Slavic nominative construction with verbs of perception, thought, and speech.


2017. №6, 7-19

Anna A. Pichkhadze
Vinogradov Russian Language Institute, Russian Academy of Sciences, Moscow, 119019, Russian Federation; rusyaz@yandex.ru

Abstract:

The nominative construction with verbs of perception, thought, and communication attested in Slavic medieval texts was inherited from the Proto-Indo-European language. The necessary structural conditions of its use were the referential identity of the subject of the matrix predicate and the subject of the nominative construction as well as the ellipsis of the subject of the nominative construction. If the matrix predicate was transitive and its object was implicit, then the matrix predicate could only superordinate a participial construction. If the matrix predicate had an overt direct object or was in the medial voice, then the matrix predicate could superordinate either a participial nominative construction or a construction with a noun (or other substantives) in the nominative case.

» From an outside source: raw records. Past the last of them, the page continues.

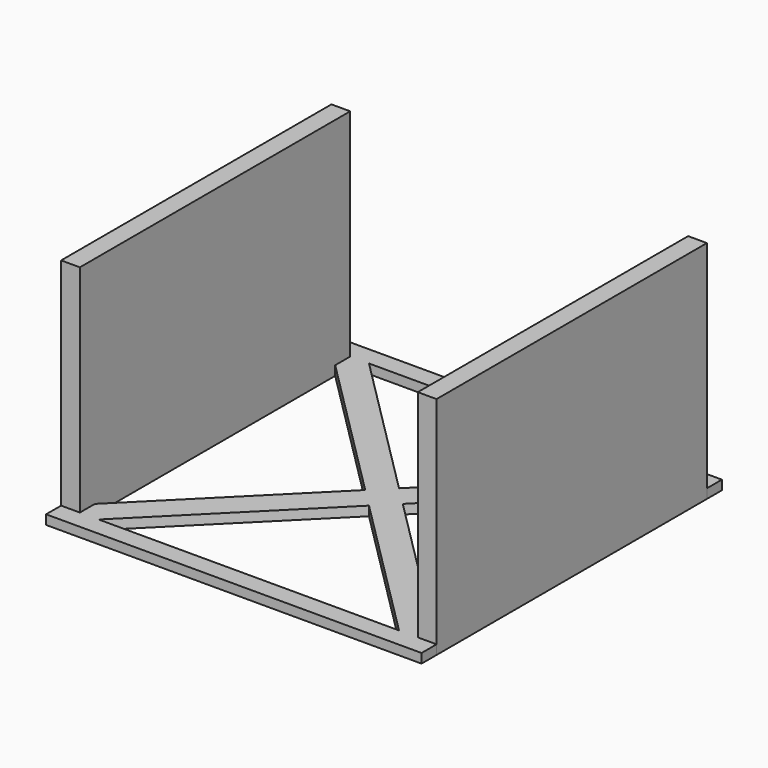
from build123d import *

# Parameters (mm, degrees)
F0_W     = 6.35
F0_H     = 6.35
F1_DEPTH = 3.175
F2_DEPTH = 76.2
F3_DEPTH = 76.2


with BuildPart() as f1:
    # F0 (on Top) → F1 (new body)
    with BuildSketch(Plane.XY):
        with Locations((-90.4763010761, -75.1771691605)):
            Rectangle(F0_W, F0_H)
        Polygon((-42.8513010761, -21.2021691605), (-93.6513010761, -72.0021691605), (-87.3013010761, -72.0021691605), (-87.3013010761, -78.3521691605), (-36.5013010761, -27.5521691605), align=None)
        Polygon((20.6486989239, -72.0021691605), (-30.1513010761, -21.2021691605), (-36.5013010761, -27.5521691605), (14.2986989239, -78.3521691605), (14.2986989239, -72.0021691605), align=None)
        Polygon((-36.5013010761, -14.8521691605), (-87.3013010761, 35.9478308395), (-87.3013010761, 29.5978308395), (-93.6439880831, 29.5978308395), (-93.6439796514, 29.5905094148), (-42.8513010761, -21.2021691605), align=None)
        Polygon((14.2986989239, 29.5978308395), (14.2986989239, 35.9478308395), (-36.5013010761, -14.8521691605), (-30.1513010761, -21.2021691605), (20.6486989239, 29.5978308395), align=None)
        with Locations((17.4736989239, 32.7728308395)):
            Rectangle(F0_W, F0_H)
        Polygon((-30.1513010761, -21.2021691605), (-36.5013010761, -14.8521691605), (-42.8513010761, -21.2021691605), (-36.5013010761, -27.5521691605), align=None)
        Polygon((-87.3013010761, 35.9478308395), (-93.6513010761, 35.9478308395), (-93.6439880831, 29.5978308395), (-87.3013010761, 29.5978308395), align=None)
        with Locations((17.4736989239, -75.1771691605)):
            Rectangle(F0_W, F0_H)
        Polygon((-100.0013010761, 35.9478308395), (-93.6513010761, 35.9478308395), (-87.3013010761, 35.9478308395), (14.2986989239, 35.9478308395), (20.6486989239, 35.9478308395), (26.9986989239, 35.9478308395), (26.9986989239, 42.2978308395), (-100.0013010761, 42.2978308395), align=None)
        Polygon((-93.6513010761, -78.3521691605), (-100.0013010761, -78.3521691605), (-100.0013010761, -84.7021691605), (26.9986989239, -84.7021691605), (26.9986989239, -78.3521691605), (20.6486989239, -78.3521691605), (14.2986989239, -78.3521691605), (4.1404153609, -78.3521691605), (-87.3013010761, -78.3521691605), align=None)
    extrude(amount=F1_DEPTH)


with BuildPart() as f2:
    # F0 (on Top) → F2 (new body)
    with BuildSketch(Plane.XY):
        Polygon((-93.6513010761, 29.5978308395), (-93.6513010761, 35.9478308395), (-100.0013010761, 35.9478308395), (-100.0013010761, -78.3521691605), (-93.6513010761, -78.3521691605), (-93.6513010761, -72.0021691605), align=None)
    extrude(amount=F2_DEPTH)


with BuildPart() as f3:
    # F0 (on Top) → F3 (new body)
    with BuildSketch(Plane.XY):
        Polygon((26.9986989239, 35.9478308395), (20.6486989239, 35.9478308395), (20.6486989239, 29.5978308395), (20.6486989239, -72.0021691605), (20.6486989239, -78.3521691605), (26.9986989239, -78.3521691605), align=None)
    extrude(amount=F3_DEPTH)


solid = Compound([f1.part, f2.part, f3.part])

Usually, the subject of the subordinate predicate did not agree for case with the co-referential direct object of the matrix predicate. The subject of the subordinate predicate agreed for case with the co-referential subject of the matrix predicate in the constructions with nouns and other substantives, but the agreement could be absent from the participial constructions — this fact may evidence a certain autonomy of embedded clauses and make them similar to subordinate clauses.